9年前に Rahul Jaiswal によって更新されました。

RE: SAML protocol signature issue in Liferay SP

New Member 投稿: 10 参加年月日: 11/07/06 最新の投稿

I was able to fix this by turning ON all signature on SAML message at IDP side.

Liferay SAML plugin always expects signature on all message.
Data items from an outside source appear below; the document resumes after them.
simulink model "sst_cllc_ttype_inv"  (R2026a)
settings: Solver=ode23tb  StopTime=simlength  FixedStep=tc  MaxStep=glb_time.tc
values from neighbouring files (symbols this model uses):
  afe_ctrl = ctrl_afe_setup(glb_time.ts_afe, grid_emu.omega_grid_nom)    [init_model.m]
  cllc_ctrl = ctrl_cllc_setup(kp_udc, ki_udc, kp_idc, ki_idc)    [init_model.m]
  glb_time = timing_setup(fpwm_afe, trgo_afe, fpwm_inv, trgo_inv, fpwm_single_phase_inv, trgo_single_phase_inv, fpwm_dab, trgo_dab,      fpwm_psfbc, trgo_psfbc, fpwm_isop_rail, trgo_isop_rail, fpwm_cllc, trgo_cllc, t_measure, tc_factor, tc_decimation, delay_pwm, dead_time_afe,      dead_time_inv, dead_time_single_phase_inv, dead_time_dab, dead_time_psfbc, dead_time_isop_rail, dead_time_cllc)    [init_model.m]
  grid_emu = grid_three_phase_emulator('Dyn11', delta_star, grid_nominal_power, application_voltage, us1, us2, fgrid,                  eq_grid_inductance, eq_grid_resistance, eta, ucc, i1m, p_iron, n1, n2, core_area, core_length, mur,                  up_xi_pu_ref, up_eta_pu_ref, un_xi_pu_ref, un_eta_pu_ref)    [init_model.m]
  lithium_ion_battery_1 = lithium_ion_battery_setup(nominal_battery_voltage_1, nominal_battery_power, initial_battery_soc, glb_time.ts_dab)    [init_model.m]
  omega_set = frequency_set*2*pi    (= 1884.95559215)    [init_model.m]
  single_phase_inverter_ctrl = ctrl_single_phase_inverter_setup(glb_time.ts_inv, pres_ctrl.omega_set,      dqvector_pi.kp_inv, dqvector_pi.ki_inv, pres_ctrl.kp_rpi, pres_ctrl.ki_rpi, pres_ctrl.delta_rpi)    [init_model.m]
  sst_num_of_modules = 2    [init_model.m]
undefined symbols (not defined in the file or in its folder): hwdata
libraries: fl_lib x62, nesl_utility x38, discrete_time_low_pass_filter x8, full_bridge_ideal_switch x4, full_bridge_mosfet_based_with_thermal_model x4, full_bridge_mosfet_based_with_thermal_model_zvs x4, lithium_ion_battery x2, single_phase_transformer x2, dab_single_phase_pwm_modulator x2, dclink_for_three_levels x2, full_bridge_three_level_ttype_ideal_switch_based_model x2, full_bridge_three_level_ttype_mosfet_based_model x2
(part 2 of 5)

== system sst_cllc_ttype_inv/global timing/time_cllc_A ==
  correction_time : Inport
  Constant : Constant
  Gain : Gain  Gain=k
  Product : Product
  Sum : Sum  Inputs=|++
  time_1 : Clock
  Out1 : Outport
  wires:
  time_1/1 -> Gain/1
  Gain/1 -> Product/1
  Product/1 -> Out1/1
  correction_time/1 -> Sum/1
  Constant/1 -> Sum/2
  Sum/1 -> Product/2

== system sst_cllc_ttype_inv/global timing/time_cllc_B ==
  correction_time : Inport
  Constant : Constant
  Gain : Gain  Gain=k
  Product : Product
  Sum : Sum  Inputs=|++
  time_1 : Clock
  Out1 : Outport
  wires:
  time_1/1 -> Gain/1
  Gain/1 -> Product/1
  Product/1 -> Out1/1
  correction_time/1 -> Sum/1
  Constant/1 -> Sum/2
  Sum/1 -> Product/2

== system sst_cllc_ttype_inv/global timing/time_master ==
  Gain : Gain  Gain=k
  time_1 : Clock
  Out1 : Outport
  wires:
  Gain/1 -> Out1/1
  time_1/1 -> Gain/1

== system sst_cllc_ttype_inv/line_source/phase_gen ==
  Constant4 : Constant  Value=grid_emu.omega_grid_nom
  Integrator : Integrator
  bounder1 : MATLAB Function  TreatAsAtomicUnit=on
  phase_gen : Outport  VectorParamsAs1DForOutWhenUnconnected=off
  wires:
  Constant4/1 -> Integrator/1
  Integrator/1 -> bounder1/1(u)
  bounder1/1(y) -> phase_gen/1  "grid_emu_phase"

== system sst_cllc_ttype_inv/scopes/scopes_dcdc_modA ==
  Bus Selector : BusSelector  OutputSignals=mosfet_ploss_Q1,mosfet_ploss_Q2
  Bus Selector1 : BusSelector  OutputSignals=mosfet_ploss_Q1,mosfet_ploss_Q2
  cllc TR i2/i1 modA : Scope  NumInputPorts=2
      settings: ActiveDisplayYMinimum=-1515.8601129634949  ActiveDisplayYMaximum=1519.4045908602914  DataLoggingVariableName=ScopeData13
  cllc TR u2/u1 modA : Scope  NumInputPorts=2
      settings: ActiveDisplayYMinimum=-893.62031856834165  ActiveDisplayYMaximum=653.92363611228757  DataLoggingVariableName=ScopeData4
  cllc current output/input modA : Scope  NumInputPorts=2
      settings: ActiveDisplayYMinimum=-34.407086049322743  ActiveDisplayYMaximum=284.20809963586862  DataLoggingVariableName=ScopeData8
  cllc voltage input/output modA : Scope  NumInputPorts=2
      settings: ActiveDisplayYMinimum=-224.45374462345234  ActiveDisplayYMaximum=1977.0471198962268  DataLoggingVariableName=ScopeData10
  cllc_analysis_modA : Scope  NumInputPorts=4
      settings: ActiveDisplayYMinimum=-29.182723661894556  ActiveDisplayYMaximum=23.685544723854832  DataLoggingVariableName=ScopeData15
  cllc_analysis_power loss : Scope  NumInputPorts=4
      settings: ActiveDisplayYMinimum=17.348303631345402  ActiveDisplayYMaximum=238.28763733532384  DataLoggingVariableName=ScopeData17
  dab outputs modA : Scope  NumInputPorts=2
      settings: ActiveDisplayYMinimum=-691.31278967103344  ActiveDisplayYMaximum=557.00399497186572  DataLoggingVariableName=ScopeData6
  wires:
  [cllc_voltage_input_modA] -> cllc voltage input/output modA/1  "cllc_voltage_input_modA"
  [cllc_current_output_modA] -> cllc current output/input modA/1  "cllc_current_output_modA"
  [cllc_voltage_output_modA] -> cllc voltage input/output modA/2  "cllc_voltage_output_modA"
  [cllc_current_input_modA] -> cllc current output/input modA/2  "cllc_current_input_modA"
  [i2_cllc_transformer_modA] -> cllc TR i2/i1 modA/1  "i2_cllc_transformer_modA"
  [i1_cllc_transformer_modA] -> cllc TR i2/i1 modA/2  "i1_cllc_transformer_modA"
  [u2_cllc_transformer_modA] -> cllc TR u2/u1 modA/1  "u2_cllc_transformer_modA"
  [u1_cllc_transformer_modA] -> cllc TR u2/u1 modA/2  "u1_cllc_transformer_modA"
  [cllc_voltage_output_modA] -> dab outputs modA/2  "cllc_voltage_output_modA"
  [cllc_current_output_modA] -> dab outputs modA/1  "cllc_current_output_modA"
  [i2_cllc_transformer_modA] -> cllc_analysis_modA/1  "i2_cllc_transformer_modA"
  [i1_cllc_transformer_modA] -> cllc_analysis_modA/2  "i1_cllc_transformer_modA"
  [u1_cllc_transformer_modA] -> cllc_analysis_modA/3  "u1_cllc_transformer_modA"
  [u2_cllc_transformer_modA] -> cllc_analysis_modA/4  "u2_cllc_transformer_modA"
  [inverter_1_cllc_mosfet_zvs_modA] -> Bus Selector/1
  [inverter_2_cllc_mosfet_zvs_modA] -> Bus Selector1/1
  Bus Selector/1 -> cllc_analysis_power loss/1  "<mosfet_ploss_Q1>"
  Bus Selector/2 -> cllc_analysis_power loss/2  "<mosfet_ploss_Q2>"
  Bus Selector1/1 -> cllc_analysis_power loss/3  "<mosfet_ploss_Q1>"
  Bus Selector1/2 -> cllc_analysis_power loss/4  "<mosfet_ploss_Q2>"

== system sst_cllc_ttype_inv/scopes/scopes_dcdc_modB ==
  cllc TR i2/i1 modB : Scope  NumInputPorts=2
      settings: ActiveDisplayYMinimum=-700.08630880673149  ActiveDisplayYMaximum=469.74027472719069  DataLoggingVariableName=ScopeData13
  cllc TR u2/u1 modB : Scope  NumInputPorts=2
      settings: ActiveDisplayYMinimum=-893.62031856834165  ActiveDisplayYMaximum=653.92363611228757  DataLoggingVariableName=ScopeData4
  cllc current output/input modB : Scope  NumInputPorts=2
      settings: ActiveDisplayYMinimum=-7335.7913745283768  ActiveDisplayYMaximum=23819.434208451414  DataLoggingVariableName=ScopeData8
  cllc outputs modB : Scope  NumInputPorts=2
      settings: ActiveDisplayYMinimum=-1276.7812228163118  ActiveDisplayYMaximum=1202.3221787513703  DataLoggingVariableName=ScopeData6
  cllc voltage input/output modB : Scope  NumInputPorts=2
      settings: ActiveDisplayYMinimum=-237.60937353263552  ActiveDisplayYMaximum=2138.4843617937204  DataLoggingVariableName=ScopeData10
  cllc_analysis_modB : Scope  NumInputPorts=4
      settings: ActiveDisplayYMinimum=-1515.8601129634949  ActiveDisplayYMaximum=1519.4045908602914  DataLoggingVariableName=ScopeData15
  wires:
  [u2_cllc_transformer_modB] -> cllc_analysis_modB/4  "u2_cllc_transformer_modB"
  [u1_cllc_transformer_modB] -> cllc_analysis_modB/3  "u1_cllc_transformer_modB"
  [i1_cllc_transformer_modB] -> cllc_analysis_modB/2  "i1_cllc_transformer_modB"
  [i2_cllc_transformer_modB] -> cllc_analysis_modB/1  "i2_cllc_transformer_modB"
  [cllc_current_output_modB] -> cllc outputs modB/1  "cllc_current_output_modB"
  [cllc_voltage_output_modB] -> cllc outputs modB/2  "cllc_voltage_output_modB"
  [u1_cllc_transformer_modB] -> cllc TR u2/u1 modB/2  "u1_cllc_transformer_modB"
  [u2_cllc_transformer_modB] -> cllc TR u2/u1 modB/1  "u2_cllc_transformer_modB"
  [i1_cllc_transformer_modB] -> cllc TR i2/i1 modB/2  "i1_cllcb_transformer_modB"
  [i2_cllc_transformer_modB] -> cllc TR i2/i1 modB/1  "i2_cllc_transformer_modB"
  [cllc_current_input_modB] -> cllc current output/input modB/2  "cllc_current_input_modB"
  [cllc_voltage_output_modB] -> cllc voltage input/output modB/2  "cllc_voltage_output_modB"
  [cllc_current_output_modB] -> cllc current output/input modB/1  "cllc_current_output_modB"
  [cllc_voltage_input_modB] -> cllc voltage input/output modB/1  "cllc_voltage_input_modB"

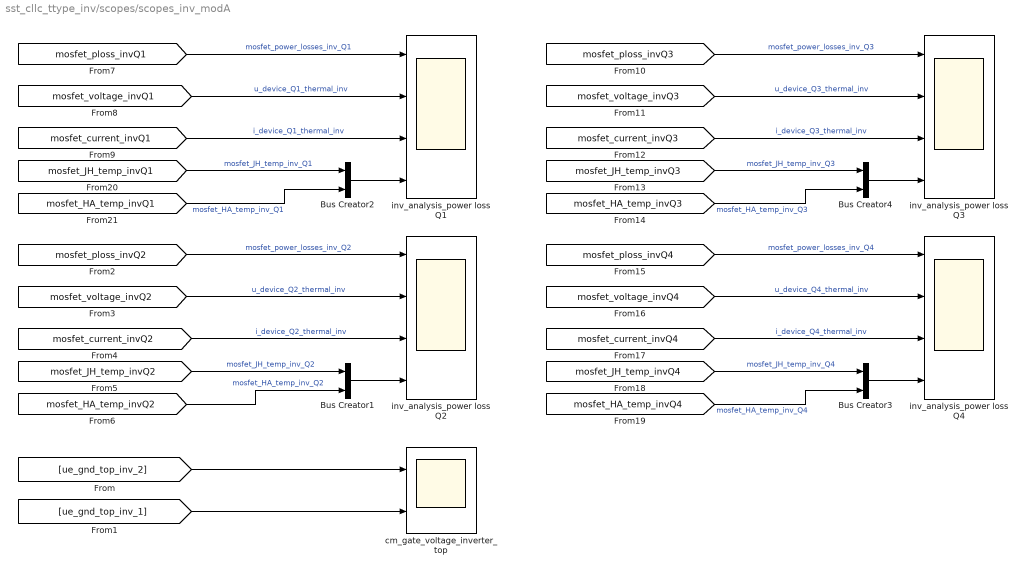
== system sst_cllc_ttype_inv/scopes/scopes_inv_modA ==
  Bus Creator{1..4} (4 alike) : BusCreator  Inputs=2
  cm_gate_voltage_inverter_top : Scope  NumInputPorts=2
      settings: ActiveDisplayYMinimum=-1089.6954299405313  ActiveDisplayYMaximum=1165.8713445946826  DataLoggingVariableName=ScopeData22
  inv_analysis_power loss Q{1..4} (4 alike) : Scope  NumInputPorts=4
      inv_analysis_power loss Q1 settings: ActiveDisplayYMinimum=252.03887543128099  ActiveDisplayYMaximum=654.5130246681365  DataLoggingVariableName=ScopeData18
      inv_analysis_power loss Q2 settings: ActiveDisplayYMinimum=1215.5585157804567  ActiveDisplayYMaximum=1882.3509853926439  DataLoggingVariableName=ScopeData5
      inv_analysis_power loss Q3 settings: ActiveDisplayYMinimum=1399.7218598743666  ActiveDisplayYMaximum=1614.3940109339064  DataLoggingVariableName=ScopeData16
      inv_analysis_power loss Q4 settings: ActiveDisplayYMinimum=401.80036733196005  ActiveDisplayYMaximum=489.90080295034829  DataLoggingVariableName=ScopeData19
  wires:
  [mosfet_JH_temp_invQ1] -> Bus Creator2/1  "mosfet_JH_temp_inv_Q1"
  [mosfet_voltage_invQ1] -> inv_analysis_power loss Q1/2  "u_device_Q1_thermal_inv"
  [mosfet_current_invQ1] -> inv_analysis_power loss Q1/3  "i_device_Q1_thermal_inv"
  [mosfet_HA_temp_invQ1] -> Bus Creator2/2  "mosfet_HA_temp_inv_Q1"
  Bus Creator2/1 -> inv_analysis_power loss Q1/4
  [mosfet_ploss_invQ1] -> inv_analysis_power loss Q1/1  "mosfet_power_losses_inv_Q1"
  [ue_gnd_top_inv_2] -> cm_gate_voltage_inverter_top/1
  [ue_gnd_top_inv_1] -> cm_gate_voltage_inverter_top/2
  [mosfet_ploss_invQ2] -> inv_analysis_power loss Q2/1  "mosfet_power_losses_inv_Q2"
  Bus Creator1/1 -> inv_analysis_power loss Q2/4
  [mosfet_HA_temp_invQ2] -> Bus Creator1/2  "mosfet_HA_temp_inv_Q2"
  [mosfet_current_invQ2] -> inv_analysis_power loss Q2/3  "i_device_Q2_thermal_inv"
  [mosfet_voltage_invQ2] -> inv_analysis_power loss Q2/2  "u_device_Q2_thermal_inv"
  [mosfet_JH_temp_invQ2] -> Bus Creator1/1  "mosfet_JH_temp_inv_Q2"
  [mosfet_JH_temp_invQ4] -> Bus Creator3/1  "mosfet_JH_temp_inv_Q4"
  [mosfet_voltage_invQ4] -> inv_analysis_power loss Q4/2  "u_device_Q4_thermal_inv"
  [mosfet_current_invQ4] -> inv_analysis_power loss Q4/3  "i_device_Q4_thermal_inv"
  [mosfet_HA_temp_invQ4] -> Bus Creator3/2  "mosfet_HA_temp_inv_Q4"
  Bus Creator3/1 -> inv_analysis_power loss Q4/4
  [mosfet_ploss_invQ4] -> inv_analysis_power loss Q4/1  "mosfet_power_losses_inv_Q4"
  [mosfet_ploss_invQ3] -> inv_analysis_power loss Q3/1  "mosfet_power_losses_inv_Q3"
  Bus Creator4/1 -> inv_analysis_power loss Q3/4
  [mosfet_HA_temp_invQ3] -> Bus Creator4/2  "mosfet_HA_temp_inv_Q3"
  [mosfet_current_invQ3] -> inv_analysis_power loss Q3/3  "i_device_Q3_thermal_inv"
  [mosfet_voltage_invQ3] -> inv_analysis_power loss Q3/2  "u_device_Q3_thermal_inv"
  [mosfet_JH_temp_invQ3] -> Bus Creator4/1  "mosfet_JH_temp_inv_Q3"

== system sst_cllc_ttype_inv/scopes/scopes_inv_modB ==
  cm_gate_voltage_inverter_bottom : Scope  NumInputPorts=2
      settings: ActiveDisplayYMinimum=-1241.6958905586757  ActiveDisplayYMaximum=1224.9152234663466  DataLoggingVariableName=ScopeData22
  device_voltage_current_inv Q1 modB : Scope  NumInputPorts=3
      settings: ActiveDisplayYMinimum=-119.06518095025848  ActiveDisplayYMaximum=1054.0032225267662  DataLoggingVariableName=ScopeData20
  wires:
  [ue_gnd_bottom_inv_1] -> cm_gate_voltage_inverter_bottom/2
  [ue_gnd_bottom_inv_2] -> cm_gate_voltage_inverter_bottom/1
  [i_device_Q1_ideal_inv_modB] -> device_voltage_current_inv Q1 modB/2  "iQ1"
  [u_device_Q1_ideal_inv_modB] -> device_voltage_current_inv Q1 modB/1  "uQ1"
  [udc12_inverter_modB] -> device_voltage_current_inv Q1 modB/3  "udcs"

== system sst_cllc_ttype_inv/single_phase_inverter_modA/dclink ==
  Open Circuit : fl_lib/Electrical/Electrical Elements/Open Circuit  v_specify=off  v_priority=None  v=0 V  v_nominal_specify=off  v_nominal_value=1  v_nominal_unit=V
  dclink : dclink_for_three_levels/dclink  Cdc1_m=hwdata.single_phase_inverter.CFi1  Cdc2_m=hwdata.single_phase_inverter.CFi2  Rudc_measure=107e3  Vdc_scale=hwdata.cllc.udc2_bez  Vdc1_m_init=hwdata.cllc.udc2_bez/2  Vdc2_m_init=hwdata.cllc.udc2_bez/2
  references : Subsystem
  Udc(+) : PMIOPort  Side=Right
  np : PMIOPort  Port=2  Side=Right
  Udc(-) : PMIOPort  Port=3  Side=Right
  udc(+) : PMIOPort  Port=4  Side=Left
  udc(-) : PMIOPort  Port=5  Side=Left
  wires:
  dclink/1 -> references/1(m)
  connections:
  Open Circuit/LConn1 -- dclink/RConn2
  udc(+)/RConn1 -- dclink/RConn1
  udc(-)/RConn1 -- dclink/RConn3
  Udc(+)/RConn1 -- dclink/LConn1
  Udc(-)/RConn1 -- dclink/LConn3
  dclink/LConn2 -- np/RConn1

== system sst_cllc_ttype_inv/single_phase_inverter_modA/output_filter ==
  Capacitor : fl_lib/Electrical/Electrical Elements/Capacitor  c=hwdata.single_phase_inverter.CFu F  r=hwdata.single_phase_inverter.RCFu Ohm  g=0 1/Ohm  i_specify=off  i_priority=None  i=0 A  i_nominal_specify=off  i_nominal_value=1  i_nominal_unit=A  v_specify=off  v_priority=None  v=0 V  v_nominal_specify=off  v_nominal_value=1  v_nominal_unit=V  vc_specify=off  vc_priority=High  vc=0 V  vc_nominal_specify=off  vc_nominal_value=1  vc_nominal_unit=V
  Current Sensor : fl_lib/Electrical/Electrical Sensors/Current Sensor
  Current Sensor1 : fl_lib/Electrical/Electrical Sensors/Current Sensor
  LFu1 : fl_lib/Electrical/Electrical Elements/Inductor  l=hwdata.single_phase_inverter.LFu1 H  r=hwdata.single_phase_inverter.RLFu1 Ohm  g=1e-9 1/Ohm  i_specify=off  i_priority=None  i=0 A  i_nominal_specify=off  i_nominal_value=1  i_nominal_unit=A  v_specify=off  v_priority=None  v=0 V  v_nominal_specify=off  v_nominal_value=1  v_nominal_unit=V  i_L_specify=off  i_L_priority=High  i_L=0 A  i_L_nominal_specify=off  i_L_nominal_value=1  i_L_nominal_unit=A
  LFu2 : fl_lib/Electrical/Electrical Elements/Inductor  l=hwdata.single_phase_inverter.LFu2 H  r=hwdata.single_phase_inverter.RLFu2 Ohm  g=1e-9 1/Ohm  i_specify=off  i_priority=None  i=0 A  i_nominal_specify=off  i_nominal_value=1  i_nominal_unit=A  v_specify=off  v_priority=None  v=0 V  v_nominal_specify=off  v_nominal_value=1  v_nominal_unit=V  i_L_specify=off  i_L_priority=High  i_L=0 A  i_L_nominal_specify=off  i_L_nominal_value=1  i_L_nominal_unit=A
  Voltage Sensor1 : fl_lib/Electrical/Electrical Sensors/Voltage Sensor
  Voltage Sensor2 : fl_lib/Electrical/Electrical Sensors/Voltage Sensor
  iph : nesl_utility/PS-Simulink Converter  PhysicalDomain=network_engine_domain  SubClassName=ps_output  LeftPortType=input  RightPortType=output  PseudoPeriodic=off  Frequencies=[]  VectorFormat=1-D array  Unit=A  AffineConversion=off
  iph1 : nesl_utility/PS-Simulink Converter  PhysicalDomain=network_engine_domain  SubClassName=ps_output  LeftPortType=input  RightPortType=output  PseudoPeriodic=off  Frequencies=[]  VectorFormat=1-D array  Unit=A  AffineConversion=off
  uph1 : nesl_utility/PS-Simulink Converter  PhysicalDomain=network_engine_domain  SubClassName=ps_output  LeftPortType=input  RightPortType=output  PseudoPeriodic=off  Frequencies=[]  VectorFormat=1-D array  Unit=V  AffineConversion=off
  uph2 : nesl_utility/PS-Simulink Converter  PhysicalDomain=network_engine_domain  SubClassName=ps_output  LeftPortType=input  RightPortType=output  PseudoPeriodic=off  Frequencies=[]  VectorFormat=1-D array  Unit=V  AffineConversion=off
  Uac(+) : PMIOPort  Side=Left
  uac(+) : PMIOPort  Port=2  Side=Right
  Uac(-) : PMIOPort  Port=3  Side=Left
  uac(-) : PMIOPort  Port=4  Side=Right
  tag scope: afe_current_output_modA=global, afe_is_modA=global, afe_us_modA=global, afe_voltage_output_modA=global
  wires:
  uph1/1 -> [afe_voltage_output_modA]  "inverter_voltage_output"
  iph/1 -> [afe_current_output_modA]  "inverter_current_output"
  iph1/1 -> [afe_is_modA]  "inverter_is_modA"
  uph2/1 -> [afe_us_modA]  "inverter_us_modA"
  connections:
  Voltage Sensor2/LConn1 -- Current Sensor1/RConn2 -- LFu1/LConn1
  Current Sensor/RConn2 -- uac(+)/RConn1 -- Voltage Sensor1/LConn1
  Voltage Sensor1/RConn2 -- Capacitor/RConn1 -- LFu2/RConn1 -- uac(-)/RConn1
  iph/LConn1 -- Current Sensor/RConn1
  Voltage Sensor1/RConn1 -- uph1/LConn1
  LFu1/RConn1 -- Capacitor/LConn1 -- Current Sensor/LConn1
  Uac(-)/RConn1 -- Voltage Sensor2/RConn2 -- LFu2/LConn1
  iph1/LConn1 -- Current Sensor1/RConn1
  Voltage Sensor2/RConn1 -- uph2/LConn1
  Uac(+)/RConn1 -- Current Sensor1/LConn1

== system sst_cllc_ttype_inv/single_phase_inverter_modA/single phase afe ==
  gate_commands : Inport
  ideal_switch_based_three_level_inverter_ttype : full_bridge_three_level_ttype_ideal_switch_based_model/ideal_switch_based_three_level_inverter_ttype  Commented=on  Vth=ideal_switch.Vth  Ron=ideal_switch.Rds_on  Vdon_diode=ideal_switch.Vdon_diode  Rdon_diode=ideal_switch.Rdon_diode  Csnubber=ideal_switch.Csnubber  Rsnubber=ideal_switch.Rsnubber
  mosfet_based_three_level_inverter_ttype : full_bridge_three_level_ttype_mosfet_based_model/mosfet_based_three_level_inverter_ttype  Vth_m=mosfet.inv.Vth  Rds_on_m=mosfet.inv.Rds_on  Eon_m=mosfet.inv.Eon  Eoff_m=mosfet.inv.Eoff  Erec_m=mosfet.inv.Err  Ion_sw_loss_m=mosfet.inv.Ion_sw_losses  Voff_sw_loss_m=mosfet.inv.Voff_sw_losses  Vdon_diode_m=mosfet.inv.Vdon_diode  Rdon_diode_m=mosfet.inv.Rdon_diode  rth_mosfet_JH_m=mosfet.inv.Rth_mosfet_JH  rth_mosfet_HA_m=heatsink.Rth_mosfet_HA  Csnubber_m=mosfet.inv.Csnubber  Rsnubber_m=mosfet.inv.Rsnubber  JunctionTermalMass_m=mosfet.inv.JunctionTermalMass  mass_heatsink_m=heatsink.no_weight  specific_heat_m=heatsink.cp  Tambient_m=heatsink.Tambient  DThs_init_m=heatsink.DThs_init  tc_m=glb_time.tc
  references : Subsystem
  uac_out(+) : PMIOPort  Side=Left
  uac_out(-) : PMIOPort  Port=2  Side=Left
  udc(+) : PMIOPort  Port=3  Side=Right
  np : PMIOPort  Port=4  Side=Right
  udc(-) : PMIOPort  Port=5  Side=Right
  wires:
  gate_commands/1 -> mosfet_based_three_level_inverter_ttype/1, ideal_switch_based_three_level_inverter_ttype/1
  mosfet_based_three_level_inverter_ttype/1 -> references/1(m)
  connections:
  ideal_switch_based_three_level_inverter_ttype/LConn2 -- mosfet_based_three_level_inverter_ttype/LConn2 -- uac_out(-)/RConn1
  ideal_switch_based_three_level_inverter_ttype/RConn1 -- mosfet_based_three_level_inverter_ttype/RConn1 -- udc(+)/RConn1
  ideal_switch_based_three_level_inverter_ttype/LConn1 -- mosfet_based_three_level_inverter_ttype/LConn1 -- uac_out(+)/RConn1
  ideal_switch_based_three_level_inverter_ttype/RConn3 -- mosfet_based_three_level_inverter_ttype/RConn3 -- udc(-)/RConn1
  ideal_switch_based_three_level_inverter_ttype/RConn2 -- mosfet_based_three_level_inverter_ttype/RConn2 -- np/RConn1

== system sst_cllc_ttype_inv/single_phase_inverter_modA/single phase inverter control ==
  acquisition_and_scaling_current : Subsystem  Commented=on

I could not find way to turn-off this signature check from any configuration.

9年前に Corné Aussems によって更新されました。

RE: SAML protocol signature issue in Liferay SP

Liferay Legend 投稿: 1313 参加年月日: 06/10/03 最新の投稿

Thanks Tomas and Rahul,

Due to holiday and work i was not able to continue on this and respond properly.

So i will now try to find out how i can force my Idp Shibboleth to sign all messages.
There are a lot of config files so one should be it emoticon

Keep you posted.

Regards
Corné

9年前に Corné Aussems によって更新されました。

RE: SAML protocol signature issue in Liferay SP

Liferay Legend 投稿: 1313 参加年月日: 06/10/03 最新の投稿

Hi guys,
Just want to let you know that after several hours of trial and error i finally succeed in seting up Sibboleth as Saml2 IDP.

Indeed as Tomas suggested the first was to sign all responses.
Secondly encryptAssertions should be put on never.

<rp:profileconfiguration xsi:type="saml:SAML2SSOProfile" includeAttributeStatement="true" assertionLifetime="PT5M" assertionProxyCount="0" signResponses="always" signAssertions="never" encryptAssertions="never" encryptNameIds="never" /> 
.

One i will type a blog about the whole endeavour.

Once again thanks for the very useful push in the right direction.

C.heers

9年前に Rahul Jaiswal によって更新されました。

RE: SAML protocol signature issue in Liferay SP

New Member 投稿: 10 参加年月日: 11/07/06 最新の投稿

Thanks Corné, for sharing your workaround on Sibboleth.